If you’re looking for something like the mean-reverting vol as defined in formula (2) of section 2.1 here, you might try something like this:

class StandardStochasticVol(pm.distributions.distribution.Continuous):
    def __init__(self, phi, alpha, sigma_nu, *args, **kwargs):
        """
        Function (2), section 2.1 of 
        https://cran.r-project.org/web/packages/stochvol/vignettes/article.pdf
        Args:
            phi: persistence
            alpha: mean
            sigma_nu: volatility (of volatility, if you're using this for log vol)
        """
        super(StandardStochasticVol, self).__init__(*args, **kwargs)
        self.phi = phi = T.as_tensor_variable(phi)
        self.alpha = alpha = T.as_tensor_variable(alpha)
        self.sigma_nu = sigma_nu = T.as_tensor_variable(sigma_nu)
        self.mode = T.as_tensor_variable(0)

    def logp(self, x):
        phi = self.phi
        alpha = self.alpha
        sigma_nu = self.sigma_nu

        x_im1 = x[:-1]
        x_i = x[1:]
        boundary_term = pm.Normal.dist(alpha, sigma_nu).logp(x[0])
        err = (x_i - alpha) - phi * (x_im1 - alpha)
        x_i_term = pm.Normal.dist(0, sigma_nu).logp(err)
        return boundary_term + T.sum(x_i_term)

Bayesian Analysis of Stochastic Betas@DanWeitzenfeld Here’s the paper. I attempted to implement a Gibbs Sampler using the author’s derivation of conditional posteriors but it was extremely sub optimal and I was hoping to make use of PyMC3.

I think your sketched out function is incorrect because each beta_t depends on beta_t+1 from previous iteration and beta_t-1 from current iteration. The updating process is has a snaking effect, I believe.

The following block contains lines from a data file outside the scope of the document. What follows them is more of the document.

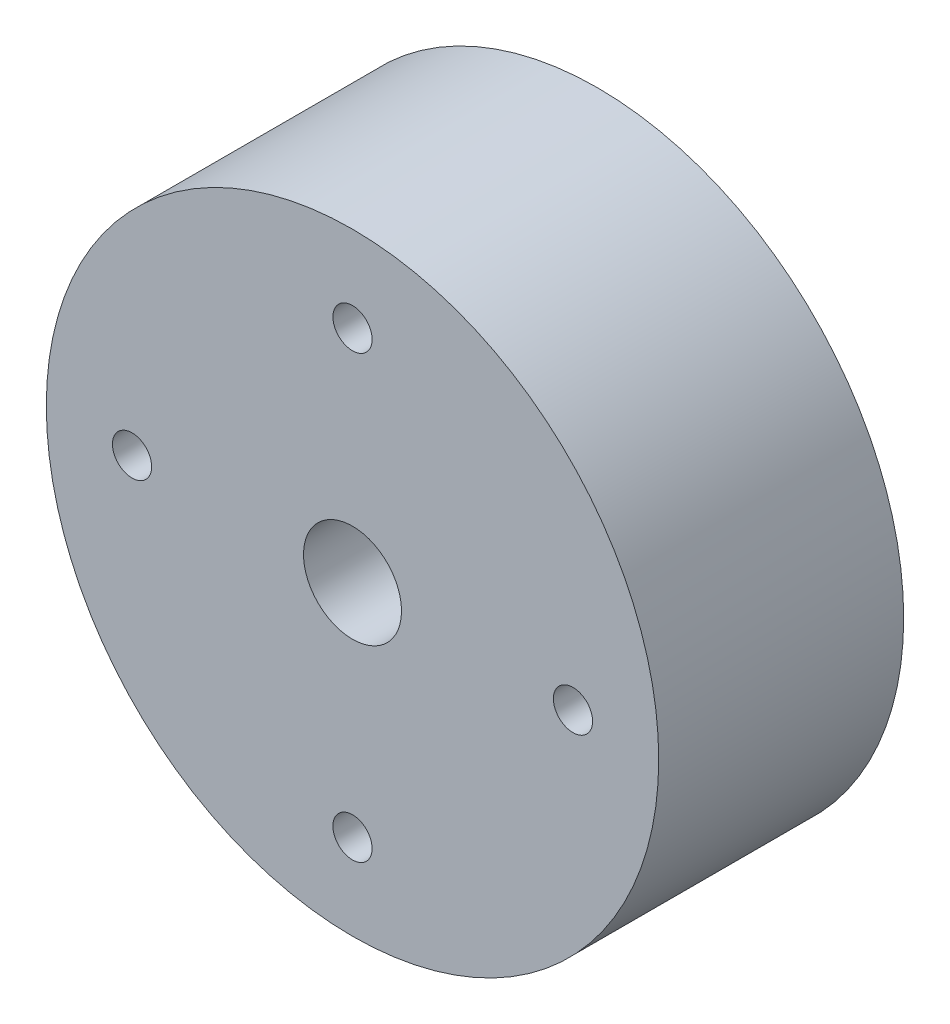
ISO-10303-21;
HEADER;
FILE_DESCRIPTION(('STEP AP214'),'2;1');
FILE_NAME('part.step','',(''),(''),'','','');
FILE_SCHEMA(('AUTOMOTIVE_DESIGN { 1 0 10303 214 1 1 1 1 }'));
ENDSEC;
DATA;
#1=APPLICATION_CONTEXT('core data for automotive mechanical design processes');
#2=APPLICATION_PROTOCOL_DEFINITION('international standard','automotive_design',2000,#1);
#3=PRODUCT_CONTEXT('',#1,'mechanical');
#4=PRODUCT('Part','Part','',(#3));
#5=PRODUCT_RELATED_PRODUCT_CATEGORY('part','',(#4));
#6=PRODUCT_DEFINITION_FORMATION('','',#4);
#7=PRODUCT_DEFINITION_CONTEXT('part definition',#1,'design');
#8=PRODUCT_DEFINITION('design','',#6,#7);
#9=PRODUCT_DEFINITION_SHAPE('','',#8);
#10=(LENGTH_UNIT() NAMED_UNIT(*) SI_UNIT(.MILLI.,.METRE.));
#11=(NAMED_UNIT(*) PLANE_ANGLE_UNIT() SI_UNIT($,.RADIAN.));
#12=(NAMED_UNIT(*) SI_UNIT($,.STERADIAN.) SOLID_ANGLE_UNIT());
#13=UNCERTAINTY_MEASURE_WITH_UNIT(LENGTH_MEASURE(1.E-05),#10,'distance_accuracy_value','');
#14=(GEOMETRIC_REPRESENTATION_CONTEXT(3) GLOBAL_UNCERTAINTY_ASSIGNED_CONTEXT((#13)) GLOBAL_UNIT_ASSIGNED_CONTEXT((#10,
#11,#12)) REPRESENTATION_CONTEXT('',''));
#15=CARTESIAN_POINT('',(0.,0.,0.));
#16=DIRECTION('',(0.,0.,1.));
#17=DIRECTION('',(1.,0.,0.));
#18=AXIS2_PLACEMENT_3D('',#15,#16,#17);
#19=CARTESIAN_POINT('',(0.,0.,20.));
#20=DIRECTION('',(0.,0.,1.));
#21=DIRECTION('',(1.,0.,0.));
#22=AXIS2_PLACEMENT_3D('',#19,#20,#21);
#23=PLANE('',#22);
#24=CARTESIAN_POINT('',(0.,18.,20.));
#25=DIRECTION('',(0.,0.,1.));
#26=DIRECTION('',(1.,0.,0.));
#27=AXIS2_PLACEMENT_3D('',#24,#25,#26);
#28=CIRCLE('',#27,1.6);
#29=CARTESIAN_POINT('',(1.6,18.,20.));
#30=VERTEX_POINT('',#29);
#31=EDGE_CURVE('E80',#30,#30,#28,.T.);
#32=ORIENTED_EDGE('',*,*,#31,.F.);
#33=EDGE_LOOP('',(#32));
#34=FACE_BOUND('',#33,.T.);
#35=CARTESIAN_POINT('',(18.0000000000005,5.08284223389574E-13,20.));
#36=DIRECTION('',(0.,0.,1.));
#37=DIRECTION('',(1.,0.,0.));
#38=AXIS2_PLACEMENT_3D('',#35,#36,#37);
#39=CIRCLE('',#38,1.6000000000004);
#40=CARTESIAN_POINT('',(19.6000000000009,5.08284223389574E-13,20.));
#41=VERTEX_POINT('',#40);
#42=EDGE_CURVE('E74',#41,#41,#39,.T.);
#43=ORIENTED_EDGE('',*,*,#42,.F.);
#44=EDGE_LOOP('',(#43));
#45=FACE_BOUND('',#44,.T.);
#46=CARTESIAN_POINT('',(1.01656844677915E-12,-18.,20.));
#47=DIRECTION('',(0.,0.,1.));
#48=DIRECTION('',(1.,0.,0.));
#49=AXIS2_PLACEMENT_3D('',#46,#47,#48);
#50=CIRCLE('',#49,1.60000000000109);
#51=CARTESIAN_POINT('',(1.60000000000211,-18.,20.));
#52=VERTEX_POINT('',#51);
#53=EDGE_CURVE('E68',#52,#52,#50,.T.);
#54=ORIENTED_EDGE('',*,*,#53,.F.);
#55=EDGE_LOOP('',(#54));
#56=FACE_BOUND('',#55,.T.);
#57=CARTESIAN_POINT('',(-17.9999999999995,-5.10488587628039E-13,20.));
#58=DIRECTION('',(0.,0.,1.));
#59=DIRECTION('',(1.,0.,0.));
#60=AXIS2_PLACEMENT_3D('',#57,#58,#59);
#61=CIRCLE('',#60,1.60000000000082);
#62=CARTESIAN_POINT('',(-16.3999999999987,-5.10488587628039E-13,20.));
#63=VERTEX_POINT('',#62);
#64=EDGE_CURVE('E62',#63,#63,#61,.T.);
#65=ORIENTED_EDGE('',*,*,#64,.F.);
#66=EDGE_LOOP('',(#65));
#67=FACE_BOUND('',#66,.T.);
#68=CARTESIAN_POINT('',(0.,0.,20.));
#69=DIRECTION('',(0.,0.,1.));
#70=DIRECTION('',(1.,0.,0.));
#71=AXIS2_PLACEMENT_3D('',#68,#69,#70);
#72=CIRCLE('',#71,25.);
#73=CARTESIAN_POINT('',(25.,0.,20.));
#74=VERTEX_POINT('',#73);
#75=EDGE_CURVE('E11',#74,#74,#72,.T.);
#76=ORIENTED_EDGE('',*,*,#75,.T.);
#77=EDGE_LOOP('',(#76));
#78=FACE_BOUND('',#77,.T.);
#79=CARTESIAN_POINT('',(0.,0.,20.));
#80=DIRECTION('',(0.,0.,1.));
#81=DIRECTION('',(1.,0.,0.));
#82=AXIS2_PLACEMENT_3D('',#79,#80,#81);
#83=CIRCLE('',#82,4.);
#84=CARTESIAN_POINT('',(4.,0.,20.));
#85=VERTEX_POINT('',#84);
#86=EDGE_CURVE('E54',#85,#85,#83,.T.);
#87=ORIENTED_EDGE('',*,*,#86,.F.);
#88=EDGE_LOOP('',(#87));
#89=FACE_BOUND('',#88,.T.);
#90=ADVANCED_FACE('F43',(#34,#45,#56,#67,#78,#89),#23,.T.);
#91=CARTESIAN_POINT('',(0.,0.,0.));
#92=DIRECTION('',(0.,0.,1.));
#93=DIRECTION('',(1.,0.,0.));
#94=AXIS2_PLACEMENT_3D('',#91,#92,#93);
#95=PLANE('',#94);
#96=CARTESIAN_POINT('',(0.,0.,0.));
#97=DIRECTION('',(0.,0.,1.));
#98=DIRECTION('',(1.,0.,0.));
#99=AXIS2_PLACEMENT_3D('',#96,#97,#98);
#100=CIRCLE('',#99,25.);
#101=CARTESIAN_POINT('',(25.,0.,0.));
#102=VERTEX_POINT('',#101);
#103=EDGE_CURVE('E47',#102,#102,#100,.T.);
#104=ORIENTED_EDGE('',*,*,#103,.F.);
#105=EDGE_LOOP('',(#104));
#106=FACE_BOUND('',#105,.T.);
#107=CARTESIAN_POINT('',(0.,0.,0.));
#108=DIRECTION('',(0.,0.,1.));
#109=DIRECTION('',(1.,0.,0.));
#110=AXIS2_PLACEMENT_3D('',#107,#108,#109);
#111=CIRCLE('',#110,4.);
#112=CARTESIAN_POINT('',(4.,0.,0.));
#113=VERTEX_POINT('',#112);
#114=EDGE_CURVE('E56',#113,#113,#111,.T.);
#115=ORIENTED_EDGE('',*,*,#114,.T.);
#116=EDGE_LOOP('',(#115));
#117=FACE_BOUND('',#116,.T.);
#118=ADVANCED_FACE('F97',(#106,#117),#95,.F.);
#119=CARTESIAN_POINT('',(0.,0.,20.));
#120=DIRECTION('',(0.,0.,-1.));
#121=DIRECTION('',(-1.,0.,0.));
#122=AXIS2_PLACEMENT_3D('',#119,#120,#121);
#123=CYLINDRICAL_SURFACE('',#122,25.);
#124=ORIENTED_EDGE('',*,*,#75,.F.);
#125=EDGE_LOOP('',(#124));
#126=FACE_BOUND('',#125,.T.);
#127=ORIENTED_EDGE('',*,*,#103,.T.);
#128=EDGE_LOOP('',(#127));
#129=FACE_BOUND('',#128,.T.);
#130=ADVANCED_FACE('F45',(#126,#129),#123,.T.);
#131=CARTESIAN_POINT('',(0.,0.,20.));
#132=DIRECTION('',(0.,0.,-1.));
#133=DIRECTION('',(-1.,0.,0.));
#134=AXIS2_PLACEMENT_3D('',#131,#132,#133);
#135=CYLINDRICAL_SURFACE('',#134,4.);
#136=ORIENTED_EDGE('',*,*,#86,.T.);
#137=EDGE_LOOP('',(#136));
#138=FACE_BOUND('',#137,.T.);
#139=ORIENTED_EDGE('',*,*,#114,.F.);
#140=EDGE_LOOP('',(#139));
#141=FACE_BOUND('',#140,.T.);
#142=ADVANCED_FACE('F107',(#138,#141),#135,.F.);
#143=CARTESIAN_POINT('',(-17.9999999999995,-5.10488587628039E-13,10.));
#144=DIRECTION('',(0.,0.,1.));
#145=DIRECTION('',(1.,0.,0.));
#146=AXIS2_PLACEMENT_3D('',#143,#144,#145);
#147=CYLINDRICAL_SURFACE('',#146,1.60000000000082);
#148=CARTESIAN_POINT('',(-17.9999999999995,-5.10488587628039E-13,10.));
#149=DIRECTION('',(0.,0.,1.));
#150=DIRECTION('',(1.,0.,0.));
#151=AXIS2_PLACEMENT_3D('',#148,#149,#150);
#152=CIRCLE('',#151,1.60000000000082);
#153=CARTESIAN_POINT('',(-16.3999999999987,-5.10488587628039E-13,10.));
#154=VERTEX_POINT('',#153);
#155=EDGE_CURVE('E65',#154,#154,#152,.T.);
#156=ORIENTED_EDGE('',*,*,#155,.F.);
#157=EDGE_LOOP('',(#156));
#158=FACE_BOUND('',#157,.T.);
#159=ORIENTED_EDGE('',*,*,#64,.T.);
#160=EDGE_LOOP('',(#159));
#161=FACE_BOUND('',#160,.T.);
#162=ADVANCED_FACE('F110',(#158,#161),#147,.F.);
#163=CARTESIAN_POINT('',(-17.9999999999995,-5.10488587628039E-13,10.));
#164=DIRECTION('',(0.,0.,1.));
#165=DIRECTION('',(1.,0.,0.));
#166=AXIS2_PLACEMENT_3D('',#163,#164,#165);
#167=PLANE('',#166);
#168=ORIENTED_EDGE('',*,*,#155,.T.);
#169=EDGE_LOOP('',(#168));
#170=FACE_BOUND('',#169,.T.);
#171=ADVANCED_FACE('F124',(#170),#167,.T.);
#172=CARTESIAN_POINT('',(1.01656844677915E-12,-18.,10.));
#173=DIRECTION('',(0.,0.,1.));
#174=DIRECTION('',(1.,0.,0.));
#175=AXIS2_PLACEMENT_3D('',#172,#173,#174);
#176=CYLINDRICAL_SURFACE('',#175,1.60000000000109);
#177=CARTESIAN_POINT('',(1.01656844677915E-12,-18.,10.));
#178=DIRECTION('',(0.,0.,1.));
#179=DIRECTION('',(1.,0.,0.));
#180=AXIS2_PLACEMENT_3D('',#177,#178,#179);
#181=CIRCLE('',#180,1.60000000000109);
#182=CARTESIAN_POINT('',(1.60000000000211,-18.,10.));
#183=VERTEX_POINT('',#182);
#184=EDGE_CURVE('E71',#183,#183,#181,.T.);
#185=ORIENTED_EDGE('',*,*,#184,.F.);
#186=EDGE_LOOP('',(#185));
#187=FACE_BOUND('',#186,.T.);
#188=ORIENTED_EDGE('',*,*,#53,.T.);
#189=EDGE_LOOP('',(#188));
#190=FACE_BOUND('',#189,.T.);
#191=ADVANCED_FACE('F128',(#187,#190),#176,.F.);
#192=CARTESIAN_POINT('',(1.01656844677915E-12,-18.,10.));
#193=DIRECTION('',(0.,0.,1.));
#194=DIRECTION('',(1.,0.,0.));
#195=AXIS2_PLACEMENT_3D('',#192,#193,#194);
#196=PLANE('',#195);
#197=ORIENTED_EDGE('',*,*,#184,.T.);
#198=EDGE_LOOP('',(#197));
#199=FACE_BOUND('',#198,.T.);
#200=ADVANCED_FACE('F132',(#199),#196,.T.);
#201=CARTESIAN_POINT('',(18.0000000000005,5.08284223389574E-13,10.));
#202=DIRECTION('',(0.,0.,1.));
#203=DIRECTION('',(1.,0.,0.));
#204=AXIS2_PLACEMENT_3D('',#201,#202,#203);
#205=CYLINDRICAL_SURFACE('',#204,1.6000000000004);
#206=CARTESIAN_POINT('',(18.0000000000005,5.08284223389574E-13,10.));
#207=DIRECTION('',(0.,0.,1.));
#208=DIRECTION('',(1.,0.,0.));
#209=AXIS2_PLACEMENT_3D('',#206,#207,#208);
#210=CIRCLE('',#209,1.6000000000004);
#211=CARTESIAN_POINT('',(19.6000000000009,5.08284223389574E-13,10.));
#212=VERTEX_POINT('',#211);
#213=EDGE_CURVE('E77',#212,#212,#210,.T.);
#214=ORIENTED_EDGE('',*,*,#213,.F.);
#215=EDGE_LOOP('',(#214));
#216=FACE_BOUND('',#215,.T.);
#217=ORIENTED_EDGE('',*,*,#42,.T.);
#218=EDGE_LOOP('',(#217));
#219=FACE_BOUND('',#218,.T.);
#220=ADVANCED_FACE('F136',(#216,#219),#205,.F.);
#221=CARTESIAN_POINT('',(18.0000000000005,5.08284223389574E-13,10.));
#222=DIRECTION('',(0.,0.,1.));
#223=DIRECTION('',(1.,0.,0.));
#224=AXIS2_PLACEMENT_3D('',#221,#222,#223);
#225=PLANE('',#224);
#226=ORIENTED_EDGE('',*,*,#213,.T.);
#227=EDGE_LOOP('',(#226));
#228=FACE_BOUND('',#227,.T.);
#229=ADVANCED_FACE('F91',(#228),#225,.T.);
#230=CARTESIAN_POINT('',(0.,18.,10.));
#231=DIRECTION('',(0.,0.,1.));
#232=DIRECTION('',(1.,0.,0.));
#233=AXIS2_PLACEMENT_3D('',#230,#231,#232);
#234=CYLINDRICAL_SURFACE('',#233,1.6);
#235=CARTESIAN_POINT('',(0.,18.,10.));
#236=DIRECTION('',(0.,0.,1.));
#237=DIRECTION('',(1.,0.,0.));
#238=AXIS2_PLACEMENT_3D('',#235,#236,#237);
#239=CIRCLE('',#238,1.6);
#240=CARTESIAN_POINT('',(1.6,18.,10.));
#241=VERTEX_POINT('',#240);
#242=EDGE_CURVE('E59',#241,#241,#239,.T.);
#243=ORIENTED_EDGE('',*,*,#242,.F.);
#244=EDGE_LOOP('',(#243));
#245=FACE_BOUND('',#244,.T.);
#246=ORIENTED_EDGE('',*,*,#31,.T.);
#247=EDGE_LOOP('',(#246));
#248=FACE_BOUND('',#247,.T.);
#249=ADVANCED_FACE('F88',(#245,#248),#234,.F.);
#250=CARTESIAN_POINT('',(0.,18.,10.));
#251=DIRECTION('',(0.,0.,1.));
#252=DIRECTION('',(1.,0.,0.));
#253=AXIS2_PLACEMENT_3D('',#250,#251,#252);
#254=PLANE('',#253);
#255=ORIENTED_EDGE('',*,*,#242,.T.);
#256=EDGE_LOOP('',(#255));
#257=FACE_BOUND('',#256,.T.);
#258=ADVANCED_FACE('F86',(#257),#254,.T.);
#259=CLOSED_SHELL('',(#90,#118,#130,#142,#162,#171,#191,#200,#220,#229,#249,#258));
#260=MANIFOLD_SOLID_BREP('B2',#259);
#261=ADVANCED_BREP_SHAPE_REPRESENTATION('',(#18,#260),#14);
#262=SHAPE_DEFINITION_REPRESENTATION(#9,#261);
ENDSEC;
END-ISO-10303-21;

I’m not sure what you mean - can you say more?

Here’s an example on toy data.

In the paper the author decomposes that conditional posterior distribution of beta_t as

p(beta_t|alpha, delta, variance_symbol, beta_variance, observations) ~ p(beta_t|beta_tm1)p(beta_tp1|beta_t)p(observed returns|beta_t)

If I understand your logp function, it calculates err by shifting the index of x by 1 to the left, whereas the model requires stepwise drawing beta_t for each t? As in, you need to update conditional posterior for each t then sample and use the new sampled value to update and draw from t+1 conditional posterior? Am I misunderstanding how logp works within the PyMC3 framework? That’s where I found the bottleneck in optimizing the model. I will try to implement using your code and try with theano.scan to see if I get similar convergence.

I think maybe the confusion here is that the model I’m suggesting is like a Kalman smoothing, in that it estimates based on the entire time series, and you’re looking for a Kalman filtering that estimates only each beta_t only using data available at t. That said, I skimmed the paper, and I didn’t see anything that made me think they were filtering rather than smoothing. Let me know if you disagree.

Using Kalman smoothing leads to a single estimate of beta for entire time series in a given iteration? Filtering vs smoothing are new concepts to me so I’ll review and compare to paper. Alternatively, I applied a similar approach to your StandardStochasticVol class where I modified GuassianRandomWalk class to account for a more complicated mu term (in this case mu = alpha + delta * (beta_tm1 - alpha)).